Monkeypox, which has been endemic in Africa, is apparently in violation of the World Health Organization’s guidelines to disavow the use of geographic locations and animals.  

The move to do away with geographic regions in the naming of diseases comes following concerns that the historic convention promoted bias against certain groups of people, such as those residing in the locations the diseases are named after, the World Health Organization announced in 2015.  

The decision to rename monkeypox comes after more than 30 scientists, most of whom are from Africa, complained that calling it “monkeypox” was stigmatizing to Africans.  

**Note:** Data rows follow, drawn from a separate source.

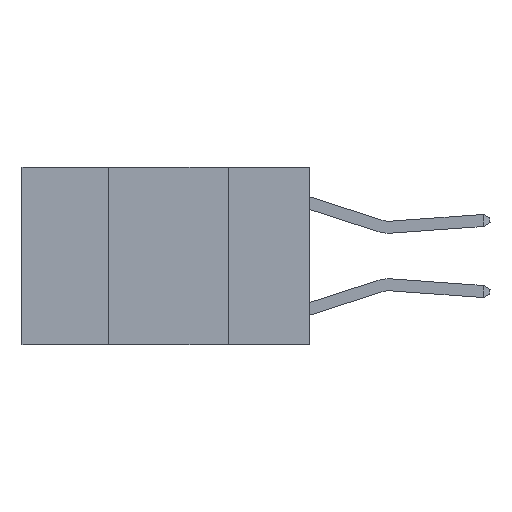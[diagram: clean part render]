
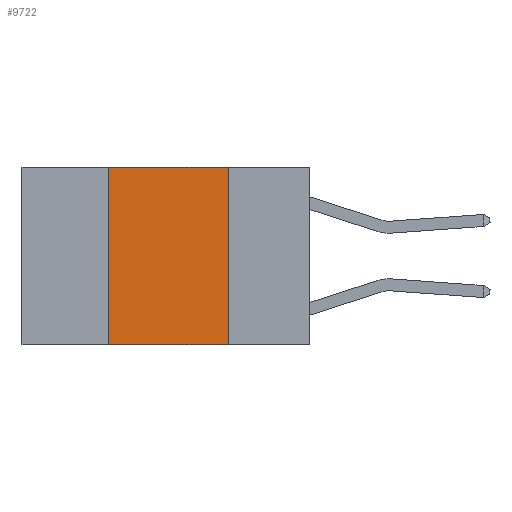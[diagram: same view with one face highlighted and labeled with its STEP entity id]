
A CAD part, left-side view. The second image highlights one B-rep face of the part: STEP entity #9722.
In plain terms, the highlighted planar face has unit normal (-1, 0, 0).
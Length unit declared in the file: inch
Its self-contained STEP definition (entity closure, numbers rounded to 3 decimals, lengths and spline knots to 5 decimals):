
#695 = LINE ( 'NONE', #8206, #12828 ) ;
#853 = VERTEX_POINT ( 'NONE', #3089 ) ;
#886 = ORIENTED_EDGE ( 'NONE', *, *, #7325, .F. ) ;
#1373 = CARTESIAN_POINT ( 'NONE',  ( 0., 0.42, -0.37 ) ) ;
#1532 = CARTESIAN_POINT ( 'NONE',  ( 0., 0.17, 0. ) ) ;
#1654 = EDGE_CURVE ( 'NONE', #9837, #11688, #695, .T. ) ;
#1866 = DIRECTION ( 'NONE',  ( 0., 0., -1. ) ) ;
#2106 = VECTOR ( 'NONE', #9757, 39.37008 ) ;
#3089 = CARTESIAN_POINT ( 'NONE',  ( 0., 0.42, 0. ) ) ;
#3565 = DIRECTION ( 'NONE',  ( 0., 0., -1. ) ) ;
#3897 = DIRECTION ( 'NONE',  ( 0., 0., 1. ) ) ;
#4012 = DIRECTION ( 'NONE',  ( 0., -1., 0. ) ) ;
#5100 = CARTESIAN_POINT ( 'NONE',  ( 0., 0.42, 0. ) ) ;
#5147 = EDGE_CURVE ( 'NONE', #6869, #11688, #9051, .T. ) ;
#5167 = ORIENTED_EDGE ( 'NONE', *, *, #1654, .T. ) ;
#6869 = VERTEX_POINT ( 'NONE', #1532 ) ;
#7023 = CARTESIAN_POINT ( 'NONE',  ( 0., 0.17, -0.37 ) ) ;
#7197 = AXIS2_PLACEMENT_3D ( 'NONE', #9022, #8816, #3565 ) ;
#7325 = EDGE_CURVE ( 'NONE', #9837, #853, #10597, .T. ) ;
#7835 = ORIENTED_EDGE ( 'NONE', *, *, #10178, .F. ) ;
#8021 = EDGE_LOOP ( 'NONE', ( #13557, #7835, #886, #5167 ) ) ;
#8206 = CARTESIAN_POINT ( 'NONE',  ( 0., 0.6, -0.37 ) ) ;
#8816 = DIRECTION ( 'NONE',  ( 1., 0., 0. ) ) ;
#9022 = CARTESIAN_POINT ( 'NONE',  ( 0., 0.6, 0. ) ) ;
#9051 = LINE ( 'NONE', #9125, #12615 ) ;
#9125 = CARTESIAN_POINT ( 'NONE',  ( 0., 0.17, 0. ) ) ;
#9618 = LINE ( 'NONE', #11913, #2106 ) ;
#9722 = ADVANCED_FACE ( 'NONE', ( #12298 ), #13327, .F. ) ;
#9757 = DIRECTION ( 'NONE',  ( 0., -1., 0. ) ) ;
#9837 = VERTEX_POINT ( 'NONE', #1373 ) ;
#10178 = EDGE_CURVE ( 'NONE', #853, #6869, #9618, .T. ) ;
#10597 = LINE ( 'NONE', #5100, #13123 ) ;
#11688 = VERTEX_POINT ( 'NONE', #7023 ) ;
#11913 = CARTESIAN_POINT ( 'NONE',  ( 0., 0.6, 0. ) ) ;
#12298 = FACE_OUTER_BOUND ( 'NONE', #8021, .T. ) ;
#12615 = VECTOR ( 'NONE', #1866, 39.37008 ) ;
#12828 = VECTOR ( 'NONE', #4012, 39.37008 ) ;
#13123 = VECTOR ( 'NONE', #3897, 39.37008 ) ;
#13327 = PLANE ( 'NONE',  #7197 ) ;
#13557 = ORIENTED_EDGE ( 'NONE', *, *, #5147, .F. ) ;

Now, Commissioner Vasan says that the city “joins many public health experts and community leaders who have expressed serious concern about continuing to e exclusively use the term ‘monkeypox’ given the stigma it may engender, and the painful and racist history within which terminology like this is rooted for communities of colour.”  

Vasan suggests that the WHO ought to adopt terminology like “hMPXV” to refer to the monkeypox virus, or “MPV” for short.  

“We need leadership from the WHO to ensure consistency in naming and to reduce confusion to the public,” he said, suggesting that every health organization do away with the term monkeypox, which is already in broad usage.  

“Further, as we are reminded by fierce advocates who served on the front lines as the HIV/AIDS epidemic emerged, early misinformation about the virus led people to believe that it was spread to humans after people in Africa engaged in sexual activity with monkeys,” continued the health commissioner.   

“This kind of false messaging created incalculable harm and stigma for decades to come. Continuing to use the term ‘monkeypox’ to describe the current outbreak may reignite these traumatic feelings of racism and stigma — particularly for Black people and other people of colour, as well as members of the LGBTQIA+ communities, and it is possible that they may avoid engaging in vital health care services because of it,” he added. 

“The language we use in public health matters, and it has tangible effects on the safety of communities most at risk for poor health outcomes,” said the health official. “We know that during the COVID-19 pandemic, hate crimes against Asian and Pacific Islander individuals have exponentially increased, in no small part due to the stigmatizing, racist and false names that were associated with the virus in early 2020.” 

The city official noted that New York City saw a massive increase in reports on anti-Asian hate incidents, but did not specify who committed violence against them.  

“We fear the consequences due to 'monkeypox'-related stigma may be exacerbated given that in many contexts, transmission is concentrated among gay, bisexual and other men who have sex with men — a population we know to face ongoing stigma, marginalization, violence and even criminalization,” said Vasan. “Words can save lives or put them at further risk; thus, the world cannot repeat these mistakes in nomenclature again.”